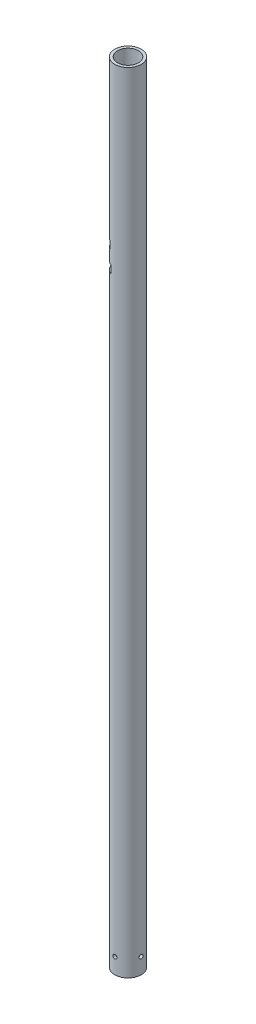
from build123d import *

# Parameters (mm, degrees)
SKETCH1_R                            = 16.7005
SKETCH1_R_2                          = 13.3225
BOSS_EXTRUDE1_DEPTH                  = 1000
F_8_0_199_DIAMETER_HOLE3_D           = 5.0546
F_8_0_199_DIAMETER_HOLE3_ON_FACE_2_D = 5.0546
SKETCH13_W                           = 25
SKETCH13_H                           = 10
CUT_EXTRUDE2_DEPTH                   = 5
CRVPATTERN1_START                    = -776.134502112
CRVPATTERN1_DEPTH                    = 10.000000747
CRVPATTERN1_START_2                  = -801.120273528
CRVPATTERN1_2_DEPTH                  = 10.000000087
CRVPATTERN1_START_3                  = -826.107363022
CRVPATTERN1_3_DEPTH                  = 10.000000837
CRVPATTERN1_START_4                  = -851.094461799
CRVPATTERN1_4_DEPTH                  = 10.000001603
CRVPATTERN1_START_5                  = -876.080226043
CRVPATTERN1_5_DEPTH                  = 9.999999042
CRVPATTERN1_START_6                  = -901.067323955
CRVPATTERN1_6_DEPTH                  = 10.000000872
CRVPATTERN1_START_7                  = -926.054423082
CRVPATTERN1_7_DEPTH                  = 10


# Read off the part's stored shape, not the designer's step: CrvPattern1
with BuildPart() as part:
    # Sketch1 → Boss-Extrude1 (new body)
    with BuildSketch(Plane(origin=(0, 0, 0), x_dir=(1, 0, 0), z_dir=(0, 1, 0))):
        with Locations(Location((0, 0, 0), (0, 0, 270))):
            Circle(SKETCH1_R)
        with Locations(Location((0, 0, 0), (0, 0, 270))):
            Circle(SKETCH1_R_2, mode=Mode.SUBTRACT)
    extrude(amount=BOSS_EXTRUDE1_DEPTH)

    # #8 (0.199) Diameter Hole3 (through all)
    with Locations(Plane(origin=(-16.7005, 20, 0), x_dir=(0, 0, -1), z_dir=(-1, 0, 0))):
        with Locations((0, 0)):
            Hole(F_8_0_199_DIAMETER_HOLE3_D / 2)

    # #8 (0.199) Diameter Hole3 on face 2 (through all)
    with Locations(Plane(origin=(0, 20, -16.7005), x_dir=(-1, 0, 0), z_dir=(0, 0, -1))):
        with Locations((0, 0)):
            Hole(F_8_0_199_DIAMETER_HOLE3_ON_FACE_2_D / 2)

    # Sketch13 → Cut-Extrude2 (cut)
    with BuildSketch(Plane(origin=(-8.35025, 0, -8.35025), x_dir=(0.7071067811865476, 0, -0.7071067811865475), z_dir=(0.7071067811865475, 0, 0.7071067811865476))):
        with Locations((-2.7995, 946.040178561)):
            Rectangle(SKETCH13_W, SKETCH13_H)
    extrude(amount=-CUT_EXTRUDE2_DEPTH, mode=Mode.SUBTRACT)

    # CrvPattern1 outline → CrvPattern1 (cut)
    with BuildSketch(Plane(origin=(0, 0, 0), x_dir=(0.9999999999999967, 8.202761047245753e-08, 1.806936440011125e-15), z_dir=(8.202761047245755e-08, -0.9999999999999964, -2.2028392996012417e-08)).offset(CRVPATTERN1_START)):
        Polygon((-5.722176693, 15.689555254), (-5.577662721, 16), (-17, 16), (-17, -2.786415731), (-16.418222904, -3.057236609), (-14.799661039, -3.810687284), (-13.308577574, -0.607542292), (-8.103108157, 10.574841053), align=None)
    extrude(amount=CRVPATTERN1_DEPTH, mode=Mode.SUBTRACT)

    # CrvPattern1 2 outline → CrvPattern1 2 (cut)
    with BuildSketch(Plane(origin=(0, 0, 0), x_dir=(0.9999999999999967, 8.202761047245753e-08, 1.806936440011125e-15), z_dir=(8.202761047245755e-08, -0.9999999999999964, -2.2028392996012417e-08)).offset(CRVPATTERN1_START_2)):
        Polygon((-8.358270095, 14.45836888), (-7.946114962, 16), (-17, 16), (-17, -5.496243368), (-15.638491988, -5.860242582), (-13.913729951, -6.321357772), (-13.001180883, -2.908042908), (-12.517773257, -1.099897915), (-13.028337492, -0.005530874), (-11.141602741, 4.047550522), (-9.81541056, 9.008059256), align=None)
    extrude(amount=CRVPATTERN1_2_DEPTH, mode=Mode.SUBTRACT)

    # CrvPattern1 3 outline → CrvPattern1 3 (cut)
    with BuildSketch(Plane(origin=(0, 0, 0), x_dir=(0.9999999999999967, 8.202761047245753e-08, 1.806936440011125e-15), z_dir=(8.202761047245755e-08, -0.9999999999999964, -2.2028392996012417e-08)).offset(CRVPATTERN1_START_3)):
        Polygon((-12.29914845, -5.120398412), (-12.136898195, -3.255797163), (-12.829690253, -2.266596834), (-12.517773256, -1.099897915), (-13.028337492, -0.005530874), (-11.584105766, 3.09696604), (-11.229879817, 7.167777165), (-10.740806582, 12.788271019), (-10.461334578, 16), (-17, 16), (-17, -5.496243368), (-15.740986646, -5.832840632), (-16.874930818, -8.268778183), (-14.384051934, -8.485524651), (-12.605435511, -8.640292846), align=None)
    extrude(amount=CRVPATTERN1_3_DEPTH, mode=Mode.SUBTRACT)

    # CrvPattern1 4 outline → CrvPattern1 4 (cut)
    with BuildSketch(Plane(origin=(0, 0, 0), x_dir=(0.9999999999999967, 8.202761047245753e-08, 1.806936440011125e-15), z_dir=(8.202761047245755e-08, -0.9999999999999964, -2.2028392996012417e-08)).offset(CRVPATTERN1_START_4)):
        Polygon((-11.22379565, -7.17733335), (-11.486820658, -4.184007735), (-12.829690253, -2.266596835), (-12.517773256, -1.099897915), (-13.028337492, -0.005530874), (-12.040460427, 2.116625487), (-12.303483571, 5.109929881), (-12.797322623, 10.73000797), (-13.260399439, 16), (-17, 16), (-17, -5.496243368), (-15.740986646, -5.832840632), (-16.874930818, -8.268778183), (-14.489859341, -8.476317707), (-15.183845812, -11.072114908), (-12.69300799, -10.853243753), (-10.914523633, -10.69696745), align=None)
    extrude(amount=CRVPATTERN1_4_DEPTH, mode=Mode.SUBTRACT)

    # CrvPattern1 5 outline → CrvPattern1 5 (cut)
    with BuildSketch(Plane(origin=(0, 0, 0), x_dir=(0.9999999999999967, 8.202761047245753e-08, 1.806936440011125e-15), z_dir=(8.202761047245755e-08, -0.9999999999999964, -2.2028392996012417e-08)).offset(CRVPATTERN1_START_5)):
        Polygon((-9.807846349, -9.016324346), (-10.866525414, -5.069693782), (-12.829690253, -2.266596835), (-12.517773256, -1.099897915), (-13.028337492, -0.005530874), (-12.518675116, 1.089325248), (-13.003609013, 2.89710156), (-14.465319948, 8.34618735), (-16.518446303, 16), (-17, 16), (-17, -5.496243368), (-15.740986646, -5.832840632), (-16.874930818, -8.268778183), (-14.489859341, -8.476317707), (-15.183845812, -11.072114908), (-12.798807024, -10.862540367), (-13.031722164, -13.539231748), (-10.616808233, -12.89143389), (-8.89243346, -12.428872359), align=None)
    extrude(amount=CRVPATTERN1_5_DEPTH, mode=Mode.SUBTRACT)

    # CrvPattern1 6 outline → CrvPattern1 6 (cut)
    with BuildSketch(Plane(origin=(0, 0, 0), x_dir=(0.9999999999999967, 8.202761047245753e-08, 1.806936440011125e-15), z_dir=(8.202761047245755e-08, -0.9999999999999964, -2.2028392996012417e-08)).offset(CRVPATTERN1_START_6)):
        Polygon((-8.218250116, -14.538446942), (-6.600328013, -13.783624172), (-8.094127844, -10.581744479), (-10.265023897, -5.928545282), (-12.829690253, -2.266596835), (-12.517773256, -1.099897915), (-13.309076973, 0.596219138), (-15.694345506, 5.708914242), (-17, 8.507514587), (-17, -5.496243368), (-15.740986646, -5.832840632), (-16.874930818, -8.268778183), (-14.489859341, -8.476317707), (-15.183845812, -11.072114908), (-12.798807024, -10.862540367), (-13.031722164, -13.539231748), (-10.719279434, -12.918921671), (-10.484083207, -15.59554506), align=None)
    extrude(amount=CRVPATTERN1_6_DEPTH, mode=Mode.SUBTRACT)

    # CrvPattern1 7 outline → CrvPattern1 7 (cut)
    with BuildSketch(Plane(origin=(0, 0, 0), x_dir=(0.9999999999999967, 8.202761047245753e-08, 1.806936440011125e-15), z_dir=(8.202761047245755e-08, -0.9999999999999964, -2.2028392996012417e-08)).offset(CRVPATTERN1_START_7)):
        Polygon((-5.570240674, -15.744170901), (-4.10787995, -14.719998278), (-6.134724894, -11.825975951), (-13.210570485, -1.72275854), (-16.446994838, 2.898356838), (-17, 3.687963014), (-17, -5.496243368), (-15.740986646, -5.832840632), (-16.874930818, -8.268778183), (-14.489859341, -8.476317707), (-15.183845812, -11.072114908), (-12.798807024, -10.862540367), (-13.031722164, -13.539231748), (-10.719279434, -12.918921671), (-10.484083207, -15.59554506), (-8.314498097, -14.58335032), (-7.934483465, -16), (-5.935525215, -16), align=None)
    extrude(amount=CRVPATTERN1_7_DEPTH, mode=Mode.SUBTRACT)


solid = part.part

▶ [WORK TASK] Using the records above, copy each line that contains "offset".

▶ [RESPONSE]
    with BuildSketch(Plane(origin=(0, 0, 0), x_dir=(0.9999999999999967, 8.202761047245753e-08, 1.806936440011125e-15), z_dir=(8.202761047245755e-08, -0.9999999999999964, -2.2028392996012417e-08)).offset(CRVPATTERN1_START)):
    with BuildSketch(Plane(origin=(0, 0, 0), x_dir=(0.9999999999999967, 8.202761047245753e-08, 1.806936440011125e-15), z_dir=(8.202761047245755e-08, -0.9999999999999964, -2.2028392996012417e-08)).offset(CRVPATTERN1_START_2)):
    with BuildSketch(Plane(origin=(0, 0, 0), x_dir=(0.9999999999999967, 8.202761047245753e-08, 1.806936440011125e-15), z_dir=(8.202761047245755e-08, -0.9999999999999964, -2.2028392996012417e-08)).offset(CRVPATTERN1_START_3)):
    with BuildSketch(Plane(origin=(0, 0, 0), x_dir=(0.9999999999999967, 8.202761047245753e-08, 1.806936440011125e-15), z_dir=(8.202761047245755e-08, -0.9999999999999964, -2.2028392996012417e-08)).offset(CRVPATTERN1_START_4)):
    with BuildSketch(Plane(origin=(0, 0, 0), x_dir=(0.9999999999999967, 8.202761047245753e-08, 1.806936440011125e-15), z_dir=(8.202761047245755e-08, -0.9999999999999964, -2.2028392996012417e-08)).offset(CRVPATTERN1_START_5)):
    with BuildSketch(Plane(origin=(0, 0, 0), x_dir=(0.9999999999999967, 8.202761047245753e-08, 1.806936440011125e-15), z_dir=(8.202761047245755e-08, -0.9999999999999964, -2.2028392996012417e-08)).offset(CRVPATTERN1_START_6)):
    with BuildSketch(Plane(origin=(0, 0, 0), x_dir=(0.9999999999999967, 8.202761047245753e-08, 1.806936440011125e-15), z_dir=(8.202761047245755e-08, -0.9999999999999964, -2.2028392996012417e-08)).offset(CRVPATTERN1_START_7)):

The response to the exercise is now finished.